» **RECORD SET**
=======
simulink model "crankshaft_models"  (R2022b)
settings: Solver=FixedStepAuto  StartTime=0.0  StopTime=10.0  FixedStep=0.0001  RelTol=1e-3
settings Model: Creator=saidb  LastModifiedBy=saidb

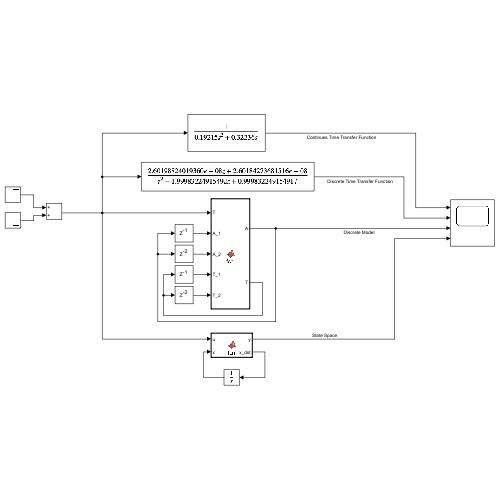
[thumbnail: Simulink's stored preview of the top-level diagram]
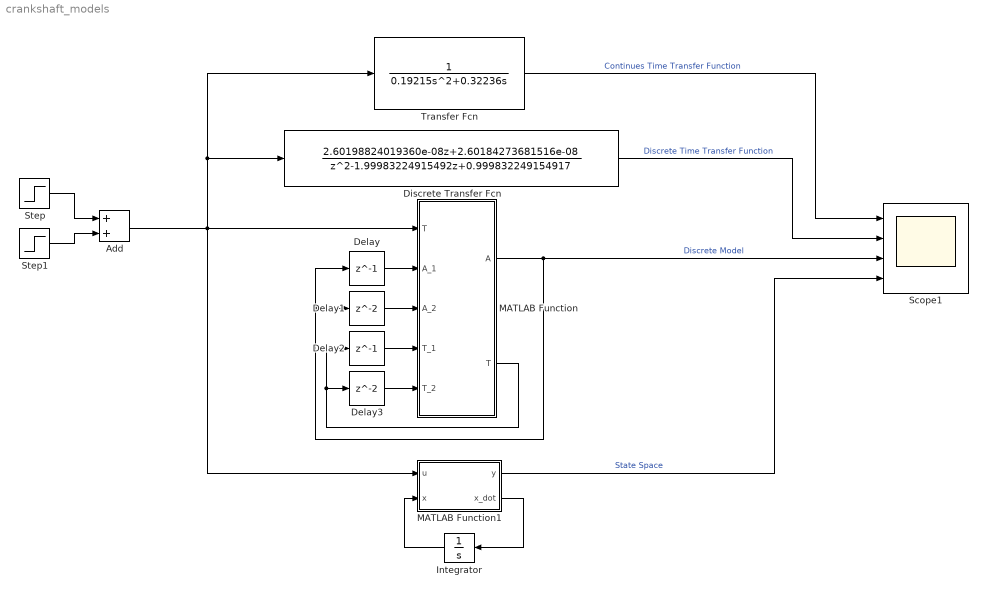
== system crankshaft_models ==
  Add : Sum
  Delay : Delay  DelayLength=1
  Delay1 : Delay
  Delay2 : Delay  DelayLength=1
  Delay3 : Delay
  Discrete Transfer Fcn : DiscreteTransferFcn  Numerator=[0,2.60198824019360e-08,2.60184273681516e-08]  Denominator=[1,-1.99983224915492,0.999832249154917]
  Integrator : Integrator  InitialCondition=[0;0]
  MATLAB Function : MATLAB Function  TreatAsAtomicUnit=on
  MATLAB Function1 : MATLAB Function  TreatAsAtomicUnit=on
  Scope1 : Scope  NumInputPorts=4
  Step : Step  Time=0  After=10  SampleTime=0
  Step1 : Step  Time=2  After=-10  SampleTime=0
  Transfer Fcn : TransferFcn  Denominator=[0.19215 0.32236 0]
  wires:
  Add/1 -> MATLAB Function1/1(u), Discrete Transfer Fcn/1, Transfer Fcn/1, MATLAB Function/1("T ")
  Step/1 -> Add/1
  Integrator/1 -> MATLAB Function1/2(x)
  MATLAB Function1/1(y) -> Scope1/4  "State Space"
  Delay2/1 -> MATLAB Function/4(T_1)
  MATLAB Function/2(T) -> Delay3/1, Delay2/1
  Transfer Fcn/1 -> Scope1/1  "Continues Time Transfer Function"
  MATLAB Function1/2(x_dot) -> Integrator/1
  Step1/1 -> Add/2
  Discrete Transfer Fcn/1 -> Scope1/2  "Discrete Time Transfer Function"
  MATLAB Function/1(A) -> Delay1/1, Delay/1, Scope1/3  "Discrete Model"
  Delay3/1 -> MATLAB Function/5(T_2)
  Delay1/1 -> MATLAB Function/3(A_2)
  Delay/1 -> MATLAB Function/2(A_1)

== matlab function crankshaft_models/MATLAB Function1 ==
  data: y output; u input; x input; x_dot output
function [y, x_dot] = fcn(u, x)

I = 0.19215;
c = 0.32236;
k = 0;

A = [0 1;
    -k/I -c/I];
B = [0;
    1/I];
C = [1 0];
D = 0;

x_dot = A * x + B * u;
y = C * x + D * u;

== matlab function crankshaft_models/MATLAB Function ==
  data: T input; A_1 input; A_2 input; T_1 input; T_2 input; A output; T output
function [A, T] = fcn(T, A_1, A_2, T_1, T_2)

A = (2.601988240193600e-08) * T_1 + (2.601842736815161e-08) * ...
    T_2 + (1.999832249154917) * A_1 - (0.999832249154917) * A_2;
=======
» **TASK BRIEF**
Find the count of lines in the data above where the string "After" occurs. Provide that number alone.

» **ANSWER BOX**
2